The article at michiganradio.org goes on to state:

With all the fresh water Michigan has, Vogler believes Michigan could produce much more fresh, locally produced fish, adding value to the state’s economy and residents’ diets.

Here is information regarding consumption of farmed fish found at clevelandclinic.org (Click here for more), citing Kristin Kirkpatrick, MS, RD, LD, a registered dietitian and wellness manager for the Cleveland Clinic Wellness Institute.

Persistent organic pollutants (POPs for short) sound dangerous. They are. POPs have been linked to several diseases, including type 2 diabetes and obesity. Evidence suggests obesity might be even more of a risk factor for diabetes when POPs are present in your body. And specific types of POPs increase the risk of stroke in women. Why does this matter? Because PCB (one type of POP) levels are five to 10 times higher in farmed fish than in wild fish.

“The benefit-risk ratio for carcinogens and noncarcinogens is significantly greater for wild salmon than for farmed salmon.”

Farmed salmon comes with uncertainty about antibiotic use. Wild salmon does not.

There is an obvious threat to the high water quality the river currently experiences.  Increased discharge of foreign chemicals and fish feces poses a substantial risk to the health of the ecosystem.  In the previously cited interview with Michigan Radio, Vogler had this to say about monitoring:

“Monitoring is very expensive. It’s a lot of lab work and I pay the bill. So as you add more monitoring to my operation, you’re impeding my ability to make a living here,” Vogler said, “The reality is that I’m not a non-profit organization. So if I’m going to be here and run this thing and give the community the benefit of the summer tourist aspect, I have to be profitable. So adding more monitoring burdens without being able to demonstrate how that helps – I’ve got a little problem with that.”

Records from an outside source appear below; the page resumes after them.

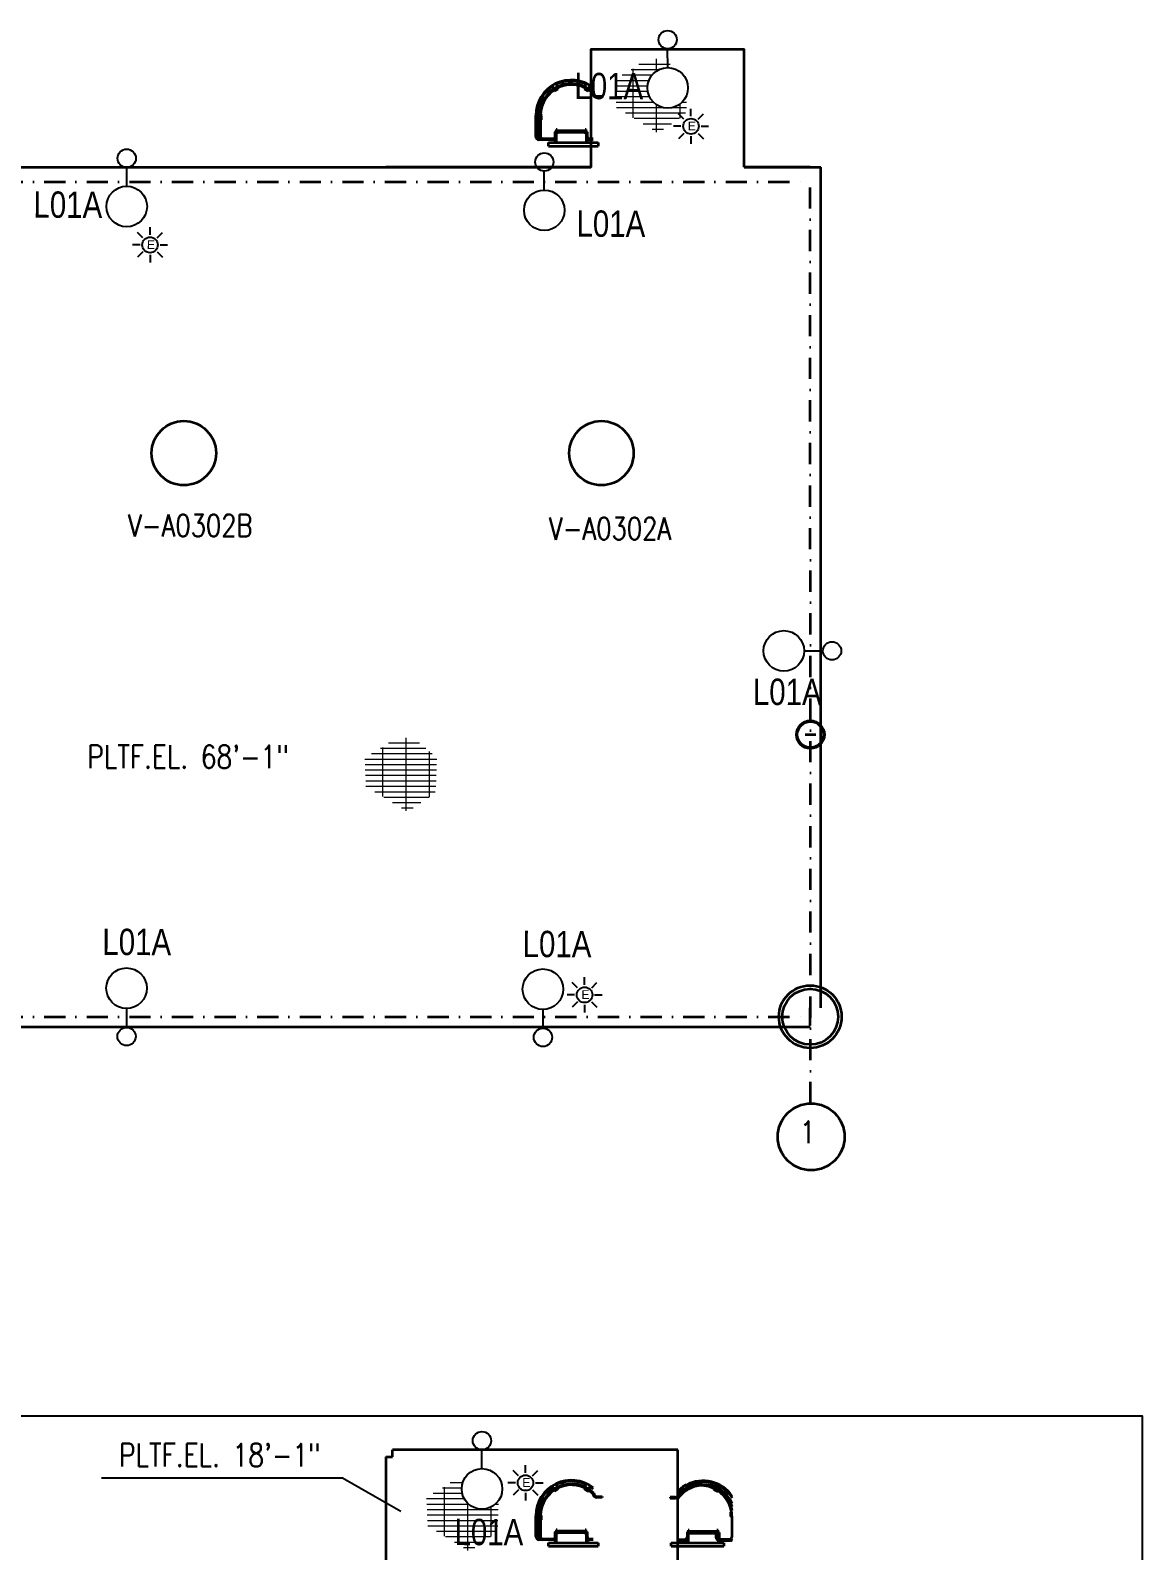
# Model space of a CAD drawing. Header units: inches. Extents: x 3139 to 9140, y 3844 to 6923.
# Drawn here: x 5656 to 6295, y 6049 to 6923 of the extents above; entities that cross this region are included whole.
import ezdxf
from ezdxf.enums import TextEntityAlignment as Align

# ---------------------------------------------------------------- set-up
doc = ezdxf.new("R2010")
doc.units = ezdxf.units.IN
doc.header["$MEASUREMENT"] = 0
doc.linetypes.add('DASHDOT2', pattern=[12.700025, 6.350013, -3.175006, 0, -3.175006])
for name, color, linetype in [('Default', 7, 'Continuous'), ('E-LIGHTING', 41, 'Continuous'), ('TF_P_Equipment', 7, 'Continuous'), ('TF_P_Ladder', 7, 'Continuous'), ('TF_P_Steel', 7, 'Continuous'), ('TF_S_GRATING', 7, 'Continuous')]:
    doc.layers.add(name, color=color, linetype=linetype)
doc.styles.add('Arial', font='arial.ttf')
doc.styles.add('ROMANS', font='romans.shx')

# ---------------------------------------------------------------- blocks, each defined once
blk = doc.blocks.new('TF_P_ELP_GRATING', base_point=(2.146, 13.23))
at = {"layer": 'TF_S_GRATING', "color": 8, "linetype": 'Continuous', "lineweight": 18}
for p, q in [((2.19, 13.523), (2.19, 12.866)), ((2.37, 13.425), (1.964, 13.425)), ((1.98, 13.435), (1.98, 12.994)), ((2.313, 13.474), (2.034, 13.474)), ((2.4, 13.399), (2.4, 12.99)), ((2.469, 13.328), (1.822, 13.328)), ((2.467, 13.279), (1.824, 13.279)), ((2.426, 13.377), (1.882, 13.377)), ((2.465, 13.23), (1.826, 13.23)), ((2.463, 13.182), (1.828, 13.182)), ((2.462, 13.133), (1.83, 13.133)), ((2.46, 13.084), (1.832, 13.084)), ((2.453, 13.035), (1.912, 13.035)), ((2.396, 12.987), (1.992, 12.987)), ((2.326, 12.938), (2.072, 12.938)), ((2.256, 12.889), (2.152, 12.889))]:
    blk.add_line(p, q, dxfattribs=at)
blk = doc.blocks.new('A$Cdd380a1b')
at = {"layer": 'TF_P_Ladder', "color": 8, "linetype": 'Continuous', "lineweight": 35}
for p, q in [((-55.7944, 12.2293), (-55.7985, 12.2413)), ((-55.776, 12.2348), (-55.7929, 12.2251)), ((-55.7929, 12.2251), (-55.7906, 12.221)), ((-55.7925, 12.2243), (-55.7919, 12.2233)), ((-55.7906, 12.221), (-55.7737, 12.2308)), ((-55.7906, 12.221), (-55.7839, 12.2249)), ((-55.7774, 12.239), (-55.7816, 12.2511)), ((-55.7795, 12.248), (-55.7809, 12.2503)), ((-55.7766, 12.2394), (-55.7795, 12.248)), ((-55.7737, 12.2308), (-55.776, 12.2348)), ((-55.7737, 12.2308), (-55.7749, 12.2345)), ((-55.7737, 12.2308), (-55.7747, 12.2326)), ((-55.7737, 12.2308), (-55.7737, 12.2308)), ((-55.657, 12.2308), (-55.6556, 12.2349)), ((-55.6546, 12.2348), (-55.657, 12.2308)), ((-55.657, 12.2308), (-55.6497, 12.2266)), ((-55.657, 12.2308), (-55.6401, 12.221)), ((-55.657, 12.2308), (-55.657, 12.2308)), ((-55.657, 12.2308), (-55.657, 12.2308)), ((-55.6548, 12.2345), (-55.6557, 12.2331)), ((-55.6377, 12.2251), (-55.6546, 12.2348)), ((-55.654, 12.2394), (-55.6511, 12.2479)), ((-55.6532, 12.239), (-55.6491, 12.2511)), ((-55.6498, 12.2503), (-55.6511, 12.2479)), ((-55.6401, 12.221), (-55.6377, 12.2251)), ((-55.64, 12.221), (-55.639, 12.2228)), ((-55.6363, 12.2293), (-55.6322, 12.2414)), ((-55.1993, 12.2496), (-55.2162, 12.2398)), ((-55.2118, 12.2269), (-55.2162, 12.2398)), ((-55.2104, 12.2226), (-55.2106, 12.2233)), ((-55.1935, 12.2324), (-55.2104, 12.2226)), ((-55.2104, 12.2226), (-55.2098, 12.2217)), ((-55.2104, 12.2226), (-55.2081, 12.2186)), ((-55.2104, 12.2226), (-55.2104, 12.2226)), ((-55.2081, 12.2186), (-55.1911, 12.2283)), ((-55.1935, 12.2324), (-55.2002, 12.2285)), ((-55.1986, 12.2483), (-55.1993, 12.2496)), ((-55.1949, 12.2365), (-55.1993, 12.2496)), ((-55.1941, 12.2369), (-55.1967, 12.2446)), ((-55.1935, 12.2324), (-55.1936, 12.2328)), ((-55.1935, 12.2324), (-55.1935, 12.2324)), ((-55.1911, 12.2283), (-55.1935, 12.2324)), ((-55.1927, 12.2328), (-55.1928, 12.2332)), ((-55.0721, 12.2324), (-55.0745, 12.2283)), ((-55.0745, 12.2283), (-55.0732, 12.232)), ((-55.0745, 12.2283), (-55.0672, 12.2241)), ((-55.0745, 12.2283), (-55.0745, 12.2283)), ((-55.0745, 12.2283), (-55.0745, 12.2283)), ((-55.0745, 12.2283), (-55.0575, 12.2186)), ((-55.0725, 12.2317), (-55.0731, 12.2306)), ((-55.0552, 12.2226), (-55.0721, 12.2324)), ((-55.0703, 12.2405), (-55.0686, 12.2455)), ((-55.0695, 12.2402), (-55.0663, 12.2496)), ((-55.0663, 12.2496), (-55.0686, 12.2455)), ((-55.0493, 12.2398), (-55.0663, 12.2496)), ((-55.0575, 12.2186), (-55.0552, 12.2226)), ((-55.0537, 12.2269), (-55.0537, 12.2271)), ((-55.0521, 12.2317), (-55.0493, 12.2398)), ((-55.7906, 12.221), (-55.7906, 12.221)), ((-55.6401, 12.221), (-55.64, 12.221)), ((-55.5994, 12.1965), (-55.5763, 12.1965)), ((-55.5763, 12.1918), (-55.5994, 12.1918)), ((-55.5763, 12.1965), (-55.5763, 12.1918)), ((-55.2718, 12.194), (-55.2718, 12.1893)), ((-55.2487, 12.194), (-55.2718, 12.194)), ((-55.2718, 12.1893), (-55.2487, 12.1893)), ((-55.0575, 12.2186), (-55.0565, 12.2204)), ((-55.0575, 12.2186), (-55.0575, 12.2186)), ((-55.8747, 12.0165), (-55.8747, 12.1102)), ((-55.87, 12.1102), (-55.87, 12.0165)), ((-55.8653, 12.127), (-55.8653, 12.1075)), ((-55.8606, 12.127), (-55.8653, 12.127)), ((-55.8581, 12.1172), (-55.8653, 12.127)), ((-55.8583, 12.098), (-55.8653, 12.1075)), ((-55.8577, 12.123), (-55.8606, 12.127)), ((-55.8583, 12.0165), (-55.8583, 12.1102)), ((-55.8533, 12.1107), (-55.8536, 12.1111)), ((-55.8536, 12.1102), (-55.8536, 12.0165)), ((-55.8533, 12.0912), (-55.8536, 12.0916)), ((-55.8486, 12.1107), (-55.8534, 12.1171)), ((-55.8486, 12.1107), (-55.8533, 12.1107)), ((-55.8533, 12.1107), (-55.8533, 12.0912)), ((-55.8533, 12.0912), (-55.8486, 12.0912)), ((-55.8486, 12.0912), (-55.8486, 12.1107)), ((-54.9995, 12.1268), (-54.9995, 12.1073)), ((-54.9948, 12.1268), (-54.9995, 12.1268)), ((-54.9995, 12.1108), (-54.9995, 12.1073)), ((-54.9995, 12.1073), (-54.9945, 12.1063)), ((-54.9995, 12.1073), (-54.9948, 12.1073)), ((-54.9995, 12.1073), (-54.9995, 12.1073)), ((-54.9948, 12.1073), (-54.9948, 12.1268)), ((-54.9948, 12.1073), (-54.9945, 12.1072)), ((-54.9945, 12.1078), (-54.9945, 12.014)), ((-55.7872, 12.0375), (-55.7825, 12.0375)), ((-55.7872, 12.0165), (-55.7872, 12.0375)), ((-55.7825, 12.0415), (-55.7841, 12.0415)), ((-55.7841, 12.0375), (-55.7841, 12.0415)), ((-55.7825, 12.0473), (-55.7825, 12.0278)), ((-55.7778, 12.0473), (-55.7825, 12.0473)), ((-55.7825, 12.0278), (-55.7825, 12.0165)), ((-55.7825, 12.0278), (-55.7778, 12.0278)), ((-55.7778, 12.0278), (-55.7778, 12.0473)), ((-55.6528, 12.0415), (-55.7778, 12.0415)), ((-55.6528, 12.0336), (-55.7778, 12.0336)), ((-55.6528, 12.0473), (-55.6528, 12.0278)), ((-55.6481, 12.0473), (-55.6528, 12.0473)), ((-55.6528, 12.0278), (-55.6481, 12.0278)), ((-55.6481, 12.0278), (-55.6481, 12.0473)), ((-55.6466, 12.0415), (-55.6481, 12.0415)), ((-55.6481, 12.0278), (-55.6481, 11.9887)), ((-55.6466, 12.0348), (-55.6466, 12.0415)), ((-55.6466, 12.0375), (-55.6434, 12.0375)), ((-55.6466, 12.0337), (-55.6466, 12.0348)), ((-55.6434, 12.0375), (-55.6434, 11.9887)), ((-55.1953, 12.0351), (-55.1922, 12.0351)), ((-55.1953, 12.0351), (-55.1953, 11.9887)), ((-55.1906, 12.039), (-55.1922, 12.039)), ((-55.1922, 12.0323), (-55.1922, 12.039)), ((-55.1922, 12.0313), (-55.1922, 12.0323)), ((-55.1859, 12.0449), (-55.1906, 12.0449)), ((-55.1906, 12.0449), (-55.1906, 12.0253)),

This does not strike me as someone that is overly concerned with the health of the river, to me it seems he is more concerned with operating a profitable business at the potential expense of the resource.   To further complicate matters Dan Sanderson writes for the Crawford County Avalanche (Click here for more):

Instead of grab samples, the fish hatchery operator will be required to take three-portion composite samples collected at equal intervals over the 12-hour period of maximum fish activity.  A weekly monitoring frequency will be required for all levels of production. 

If I am understanding this correctly, the hatchery is being asked to self monitor in this situation.  That would be like asking me or you to turn ourselves in every time we exceed the posted speed limit.  This does not seem like a viable plan to ensure the water quality does not diminish so much that it is destroyed.

At what point do we recognize that we are destroying the very things that give us life?  Apparently, it requires an enormously catastrophic reoccurring event to open our eyes.